Vittorio Mangano (18 August 1940 – 23 July 2000) was a member of the Sicilian Mafia or Cosa Nostra. He was well known as the stable keeper at the villa of Silvio Berlusconi in Arcore in the 1970s and as such Mangano is known as "lo stalliere di Arcore" (the stable keeper of Arcore). Berlusconi later became Prime Minister of Italy.

Revelations during Maxi Trial in Palermo 

During the Maxi Trial in the mid-1980s the Mafia turncoats (pentiti), Tommaso Buscetta and Salvatore Contorno, said Mangano was a "uomo d'onore" (man of honour) of Cosa Nostra and a member of the Porta Nuova family that was headed by Pippo Calò. Buscetta himself was a member of this family.

Hired to work in Arcore at Berlusconi's villa 

From 1973 to 1975 Mangano was hired as stable keeper at the Villa San Martino owned by Silvio Berlusconi in Arcore, a small town near Milan. Mangano's real job is alleged to have been to deter kidnappers from targeting the tycoon's children. It was Berlusconi's right-hand man Marcello Dell'Utri who advised to take Mangano for the job. Mangano took care of the Villa's security and sometimes took Berlusconi's children to school.

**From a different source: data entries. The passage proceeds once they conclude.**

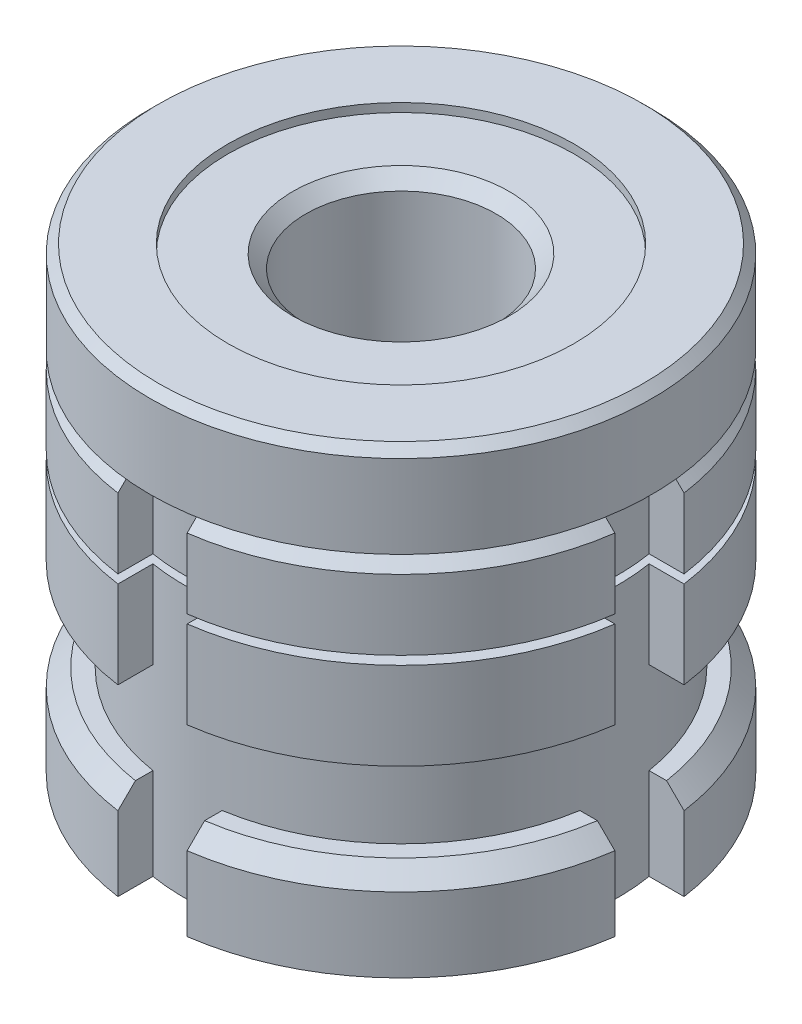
ISO-10303-21;
HEADER;
FILE_DESCRIPTION(('STEP AP214'),'2;1');
FILE_NAME('part.step','',(''),(''),'','','');
FILE_SCHEMA(('AUTOMOTIVE_DESIGN { 1 0 10303 214 1 1 1 1 }'));
ENDSEC;
DATA;
#1=APPLICATION_CONTEXT('core data for automotive mechanical design processes');
#2=APPLICATION_PROTOCOL_DEFINITION('international standard','automotive_design',2000,#1);
#3=PRODUCT_CONTEXT('',#1,'mechanical');
#4=PRODUCT('Part','Part','',(#3));
#5=PRODUCT_RELATED_PRODUCT_CATEGORY('part','',(#4));
#6=PRODUCT_DEFINITION_FORMATION('','',#4);
#7=PRODUCT_DEFINITION_CONTEXT('part definition',#1,'design');
#8=PRODUCT_DEFINITION('design','',#6,#7);
#9=PRODUCT_DEFINITION_SHAPE('','',#8);
#10=(LENGTH_UNIT() NAMED_UNIT(*) SI_UNIT(.MILLI.,.METRE.));
#11=(NAMED_UNIT(*) PLANE_ANGLE_UNIT() SI_UNIT($,.RADIAN.));
#12=(NAMED_UNIT(*) SI_UNIT($,.STERADIAN.) SOLID_ANGLE_UNIT());
#13=UNCERTAINTY_MEASURE_WITH_UNIT(LENGTH_MEASURE(1.E-05),#10,'distance_accuracy_value','');
#14=(GEOMETRIC_REPRESENTATION_CONTEXT(3) GLOBAL_UNCERTAINTY_ASSIGNED_CONTEXT((#13)) GLOBAL_UNIT_ASSIGNED_CONTEXT((#10,
#11,#12)) REPRESENTATION_CONTEXT('',''));
#15=CARTESIAN_POINT('',(0.,0.,0.));
#16=DIRECTION('',(0.,0.,1.));
#17=DIRECTION('',(1.,0.,0.));
#18=AXIS2_PLACEMENT_3D('',#15,#16,#17);
#19=CARTESIAN_POINT('',(0.,21.2,0.));
#20=DIRECTION('',(0.,-1.,0.));
#21=DIRECTION('',(0.,0.,-1.));
#22=AXIS2_PLACEMENT_3D('',#19,#20,#21);
#23=CYLINDRICAL_SURFACE('',#22,29.);
#24=DIRECTION('',(0.,1.,0.));
#25=VECTOR('',#24,1.);
#26=CARTESIAN_POINT('',(-3.99999999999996,-30.2928724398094,28.7228132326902));
#27=LINE('',#26,#25);
#28=CARTESIAN_POINT('',(-3.99999999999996,11.1,28.7228132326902));
#29=VERTEX_POINT('',#28);
#30=CARTESIAN_POINT('',(-3.99999999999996,19.2,28.7228132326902));
#31=VERTEX_POINT('',#30);
#32=EDGE_CURVE('E1115',#29,#31,#27,.T.);
#33=ORIENTED_EDGE('',*,*,#32,.T.);
#34=CARTESIAN_POINT('',(0.,19.2,0.));
#35=DIRECTION('',(0.,1.,0.));
#36=DIRECTION('',(0.,0.,1.));
#37=AXIS2_PLACEMENT_3D('',#34,#35,#36);
#38=CIRCLE('',#37,29.);
#39=CARTESIAN_POINT('',(-28.7228132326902,19.2,3.99999999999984));
#40=VERTEX_POINT('',#39);
#41=EDGE_CURVE('E55',#31,#40,#38,.F.);
#42=ORIENTED_EDGE('',*,*,#41,.T.);
#43=DIRECTION('',(0.,1.,0.));
#44=VECTOR('',#43,1.);
#45=CARTESIAN_POINT('',(-28.7228132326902,-30.2928724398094,3.99999999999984));
#46=LINE('',#45,#44);
#47=CARTESIAN_POINT('',(-28.7228132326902,11.1,3.99999999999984));
#48=VERTEX_POINT('',#47);
#49=EDGE_CURVE('E868',#48,#40,#46,.T.);
#50=ORIENTED_EDGE('',*,*,#49,.F.);
#51=CARTESIAN_POINT('',(0.,11.1,0.));
#52=DIRECTION('',(0.,1.,0.));
#53=DIRECTION('',(0.,0.,1.));
#54=AXIS2_PLACEMENT_3D('',#51,#52,#53);
#55=CIRCLE('',#54,29.);
#56=EDGE_CURVE('E588',#48,#29,#55,.T.);
#57=ORIENTED_EDGE('',*,*,#56,.T.);
#58=EDGE_LOOP('',(#33,#42,#50,#57));
#59=FACE_BOUND('',#58,.T.);
#60=ADVANCED_FACE('F39',(#59),#23,.T.);
#61=DIRECTION('',(0.,1.,0.));
#62=VECTOR('',#61,1.);
#63=CARTESIAN_POINT('',(-28.7228132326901,-30.2928724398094,-4.00000000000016));
#64=LINE('',#63,#62);
#65=CARTESIAN_POINT('',(-28.7228132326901,11.1,-4.00000000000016));
#66=VERTEX_POINT('',#65);
#67=CARTESIAN_POINT('',(-28.7228132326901,19.2,-4.00000000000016));
#68=VERTEX_POINT('',#67);
#69=EDGE_CURVE('E885',#66,#68,#64,.T.);
#70=ORIENTED_EDGE('',*,*,#69,.T.);
#71=CARTESIAN_POINT('',(0.,19.2,0.));
#72=DIRECTION('',(0.,1.,0.));
#73=DIRECTION('',(0.,0.,1.));
#74=AXIS2_PLACEMENT_3D('',#71,#72,#73);
#75=CIRCLE('',#74,29.);
#76=CARTESIAN_POINT('',(-3.99999999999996,19.2,-28.7228132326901));
#77=VERTEX_POINT('',#76);
#78=EDGE_CURVE('E646',#68,#77,#75,.F.);
#79=ORIENTED_EDGE('',*,*,#78,.T.);
#80=DIRECTION('',(0.,1.,0.));
#81=VECTOR('',#80,1.);
#82=CARTESIAN_POINT('',(-3.99999999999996,-30.2928724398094,-28.7228132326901));
#83=LINE('',#82,#81);
#84=CARTESIAN_POINT('',(-3.99999999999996,11.1,-28.7228132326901));
#85=VERTEX_POINT('',#84);
#86=EDGE_CURVE('E463',#85,#77,#83,.T.);
#87=ORIENTED_EDGE('',*,*,#86,.F.);
#88=EDGE_CURVE('E1228',#85,#66,#55,.T.);
#89=ORIENTED_EDGE('',*,*,#88,.T.);
#90=EDGE_LOOP('',(#70,#79,#87,#89));
#91=FACE_BOUND('',#90,.T.);
#92=ADVANCED_FACE('F1245',(#91),#23,.T.);
#93=DIRECTION('',(0.,1.,0.));
#94=VECTOR('',#93,1.);
#95=CARTESIAN_POINT('',(28.7228132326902,-30.2928724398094,3.9999999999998));
#96=LINE('',#95,#94);
#97=CARTESIAN_POINT('',(28.7228132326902,11.1,3.9999999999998));
#98=VERTEX_POINT('',#97);
#99=CARTESIAN_POINT('',(28.7228132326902,19.2,3.9999999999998));
#100=VERTEX_POINT('',#99);
#101=EDGE_CURVE('E1025',#98,#100,#96,.T.);
#102=ORIENTED_EDGE('',*,*,#101,.T.);
#103=CARTESIAN_POINT('',(0.,19.2,0.));
#104=DIRECTION('',(0.,1.,0.));
#105=DIRECTION('',(0.,0.,1.));
#106=AXIS2_PLACEMENT_3D('',#103,#104,#105);
#107=CIRCLE('',#106,29.);
#108=CARTESIAN_POINT('',(3.99999999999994,19.2,28.7228132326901));
#109=VERTEX_POINT('',#108);
#110=EDGE_CURVE('E728',#100,#109,#107,.F.);
#111=ORIENTED_EDGE('',*,*,#110,.T.);
#112=DIRECTION('',(0.,1.,0.));
#113=VECTOR('',#112,1.);
#114=CARTESIAN_POINT('',(3.99999999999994,-30.2928724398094,28.7228132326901));
#115=LINE('',#114,#113);
#116=CARTESIAN_POINT('',(3.99999999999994,11.1,28.7228132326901));
#117=VERTEX_POINT('',#116);
#118=EDGE_CURVE('E1106',#117,#109,#115,.T.);
#119=ORIENTED_EDGE('',*,*,#118,.F.);
#120=EDGE_CURVE('E589',#117,#98,#55,.T.);
#121=ORIENTED_EDGE('',*,*,#120,.T.);
#122=EDGE_LOOP('',(#102,#111,#119,#121));
#123=FACE_BOUND('',#122,.T.);
#124=ADVANCED_FACE('F1104',(#123),#23,.T.);
#125=CARTESIAN_POINT('',(0.,11.1,29.));
#126=DIRECTION('',(0.,1.,0.));
#127=DIRECTION('',(0.,0.,1.));
#128=AXIS2_PLACEMENT_3D('',#125,#126,#127);
#129=PLANE('',#128);
#130=CARTESIAN_POINT('',(0.,11.1,0.));
#131=DIRECTION('',(0.,1.,0.));
#132=DIRECTION('',(0.,0.,1.));
#133=AXIS2_PLACEMENT_3D('',#130,#131,#132);
#134=CIRCLE('',#133,20.);
#135=CARTESIAN_POINT('',(0.,11.1,20.));
#136=VERTEX_POINT('',#135);
#137=EDGE_CURVE('E593',#136,#136,#134,.T.);
#138=ORIENTED_EDGE('',*,*,#137,.T.);
#139=EDGE_LOOP('',(#138));
#140=FACE_BOUND('',#139,.T.);
#141=ORIENTED_EDGE('',*,*,#56,.F.);
#142=DIRECTION('',(1.,0.,0.));
#143=VECTOR('',#142,1.);
#144=CARTESIAN_POINT('',(0.,11.1,3.99999999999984));
#145=LINE('',#144,#143);
#146=CARTESIAN_POINT('',(-24.6779253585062,11.1,3.99999999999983));
#147=VERTEX_POINT('',#146);
#148=EDGE_CURVE('E564',#48,#147,#145,.T.);
#149=ORIENTED_EDGE('',*,*,#148,.T.);
#150=CARTESIAN_POINT('',(0.,11.1,0.));
#151=DIRECTION('',(0.,1.,0.));
#152=DIRECTION('',(0.,0.,1.));
#153=AXIS2_PLACEMENT_3D('',#150,#151,#152);
#154=CIRCLE('',#153,25.);
#155=CARTESIAN_POINT('',(-24.6779253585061,11.1,-4.00000000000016));
#156=VERTEX_POINT('',#155);
#157=EDGE_CURVE('E548',#147,#156,#154,.F.);
#158=ORIENTED_EDGE('',*,*,#157,.T.);
#159=DIRECTION('',(-1.,0.,0.));
#160=VECTOR('',#159,1.);
#161=CARTESIAN_POINT('',(0.,11.1,-4.00000000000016));
#162=LINE('',#161,#160);
#163=EDGE_CURVE('E541',#156,#66,#162,.T.);
#164=ORIENTED_EDGE('',*,*,#163,.T.);
#165=ORIENTED_EDGE('',*,*,#88,.F.);
#166=DIRECTION('',(0.,0.,1.));
#167=VECTOR('',#166,1.);
#168=CARTESIAN_POINT('',(-3.99999999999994,11.1,29.));
#169=LINE('',#168,#167);
#170=CARTESIAN_POINT('',(-3.99999999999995,11.1,-24.6779253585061));
#171=VERTEX_POINT('',#170);
#172=EDGE_CURVE('E527',#85,#171,#169,.T.);
#173=ORIENTED_EDGE('',*,*,#172,.T.);
#174=CARTESIAN_POINT('',(0.,11.1,0.));
#175=DIRECTION('',(0.,1.,0.));
#176=DIRECTION('',(0.,0.,1.));
#177=AXIS2_PLACEMENT_3D('',#174,#175,#176);
#178=CIRCLE('',#177,25.);
#179=CARTESIAN_POINT('',(3.99999999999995,11.1,-24.6779253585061));
#180=VERTEX_POINT('',#179);
#181=EDGE_CURVE('E422',#171,#180,#178,.F.);
#182=ORIENTED_EDGE('',*,*,#181,.T.);
#183=DIRECTION('',(0.,0.,-1.));
#184=VECTOR('',#183,1.);
#185=CARTESIAN_POINT('',(3.99999999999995,11.1,29.));
#186=LINE('',#185,#184);
#187=CARTESIAN_POINT('',(3.99999999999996,11.1,-28.7228132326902));
#188=VERTEX_POINT('',#187);
#189=EDGE_CURVE('E501',#180,#188,#186,.T.);
#190=ORIENTED_EDGE('',*,*,#189,.T.);
#191=CARTESIAN_POINT('',(28.7228132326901,11.1,-4.00000000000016));
#192=VERTEX_POINT('',#191);
#193=EDGE_CURVE('E594',#192,#188,#55,.T.);
#194=ORIENTED_EDGE('',*,*,#193,.F.);
#195=DIRECTION('',(-1.,0.,0.));
#196=VECTOR('',#195,1.);
#197=CARTESIAN_POINT('',(0.,11.1,-4.00000000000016));
#198=LINE('',#197,#196);
#199=CARTESIAN_POINT('',(24.6779253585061,11.1,-4.00000000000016));
#200=VERTEX_POINT('',#199);
#201=EDGE_CURVE('E1072',#192,#200,#198,.T.);
#202=ORIENTED_EDGE('',*,*,#201,.T.);
#203=CARTESIAN_POINT('',(0.,11.1,0.));
#204=DIRECTION('',(0.,1.,0.));
#205=DIRECTION('',(0.,0.,1.));
#206=AXIS2_PLACEMENT_3D('',#203,#204,#205);
#207=CIRCLE('',#206,25.);
#208=CARTESIAN_POINT('',(24.6779253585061,11.1,3.9999999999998));
#209=VERTEX_POINT('',#208);
#210=EDGE_CURVE('E1070',#200,#209,#207,.F.);
#211=ORIENTED_EDGE('',*,*,#210,.T.);
#212=DIRECTION('',(1.,0.,0.));
#213=VECTOR('',#212,1.);
#214=CARTESIAN_POINT('',(0.,11.1,3.99999999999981));
#215=LINE('',#214,#213);
#216=EDGE_CURVE('E992',#209,#98,#215,.T.);
#217=ORIENTED_EDGE('',*,*,#216,.T.);
#218=ORIENTED_EDGE('',*,*,#120,.F.);
#219=DIRECTION('',(0.,0.,-1.));
#220=VECTOR('',#219,1.);
#221=CARTESIAN_POINT('',(3.99999999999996,11.1,29.));
#222=LINE('',#221,#220);
#223=CARTESIAN_POINT('',(3.99999999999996,11.1,24.6779253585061));
#224=VERTEX_POINT('',#223);
#225=EDGE_CURVE('E849',#117,#224,#222,.T.);
#226=ORIENTED_EDGE('',*,*,#225,.T.);
#227=CARTESIAN_POINT('',(0.,11.1,0.));
#228=DIRECTION('',(0.,1.,0.));
#229=DIRECTION('',(0.,0.,1.));
#230=AXIS2_PLACEMENT_3D('',#227,#228,#229);
#231=CIRCLE('',#230,25.);
#232=CARTESIAN_POINT('',(-3.99999999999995,11.1,24.6779253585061));
#233=VERTEX_POINT('',#232);
#234=EDGE_CURVE('E872',#224,#233,#231,.F.);
#235=ORIENTED_EDGE('',*,*,#234,.T.);
#236=DIRECTION('',(0.,0.,1.));
#237=VECTOR('',#236,1.);
#238=CARTESIAN_POINT('',(-3.99999999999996,11.1,29.));
#239=LINE('',#238,#237);
#240=EDGE_CURVE('E1161',#233,#29,#239,.T.);
#241=ORIENTED_EDGE('',*,*,#240,.T.);
#242=EDGE_LOOP('',(#141,#149,#158,#164,#165,#173,#182,#190,#194,#202,#211,#217,#218,#226,#235,#241));
#243=FACE_BOUND('',#242,.T.);
#244=ADVANCED_FACE('F1076',(#140,#243),#129,.F.);
#245=CARTESIAN_POINT('',(0.,10.1,29.));
#246=DIRECTION('',(0.,-1.,0.));
#247=DIRECTION('',(0.,0.,-1.));
#248=AXIS2_PLACEMENT_3D('',#245,#246,#247);
#249=PLANE('',#248);
#250=CARTESIAN_POINT('',(0.,10.1,0.));
#251=DIRECTION('',(0.,1.,0.));
#252=DIRECTION('',(0.,0.,1.));
#253=AXIS2_PLACEMENT_3D('',#250,#251,#252);
#254=CIRCLE('',#253,20.);
#255=CARTESIAN_POINT('',(0.,10.1,20.));
#256=VERTEX_POINT('',#255);
#257=EDGE_CURVE('E573',#256,#256,#254,.T.);
#258=ORIENTED_EDGE('',*,*,#257,.F.);
#259=EDGE_LOOP('',(#258));
#260=FACE_BOUND('',#259,.T.);
#261=CARTESIAN_POINT('',(0.,10.1,0.));
#262=DIRECTION('',(0.,-1.,0.));
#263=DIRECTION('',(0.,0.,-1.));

According to pentito Antonino Giuffrè, Mangano served as a go between for the Mafia boss Stefano Bontade: "When Vittorio Mangano got the job in the Arcore villa, boss Stefano Bontade and some of his close aides used to meet Berlusconi using visits to Mangano as an excuse." Giuffrè told the Palermo court that despite the prime minister's assertions to the contrary, Mangano's Mafia identity was known when he was hired at the villa.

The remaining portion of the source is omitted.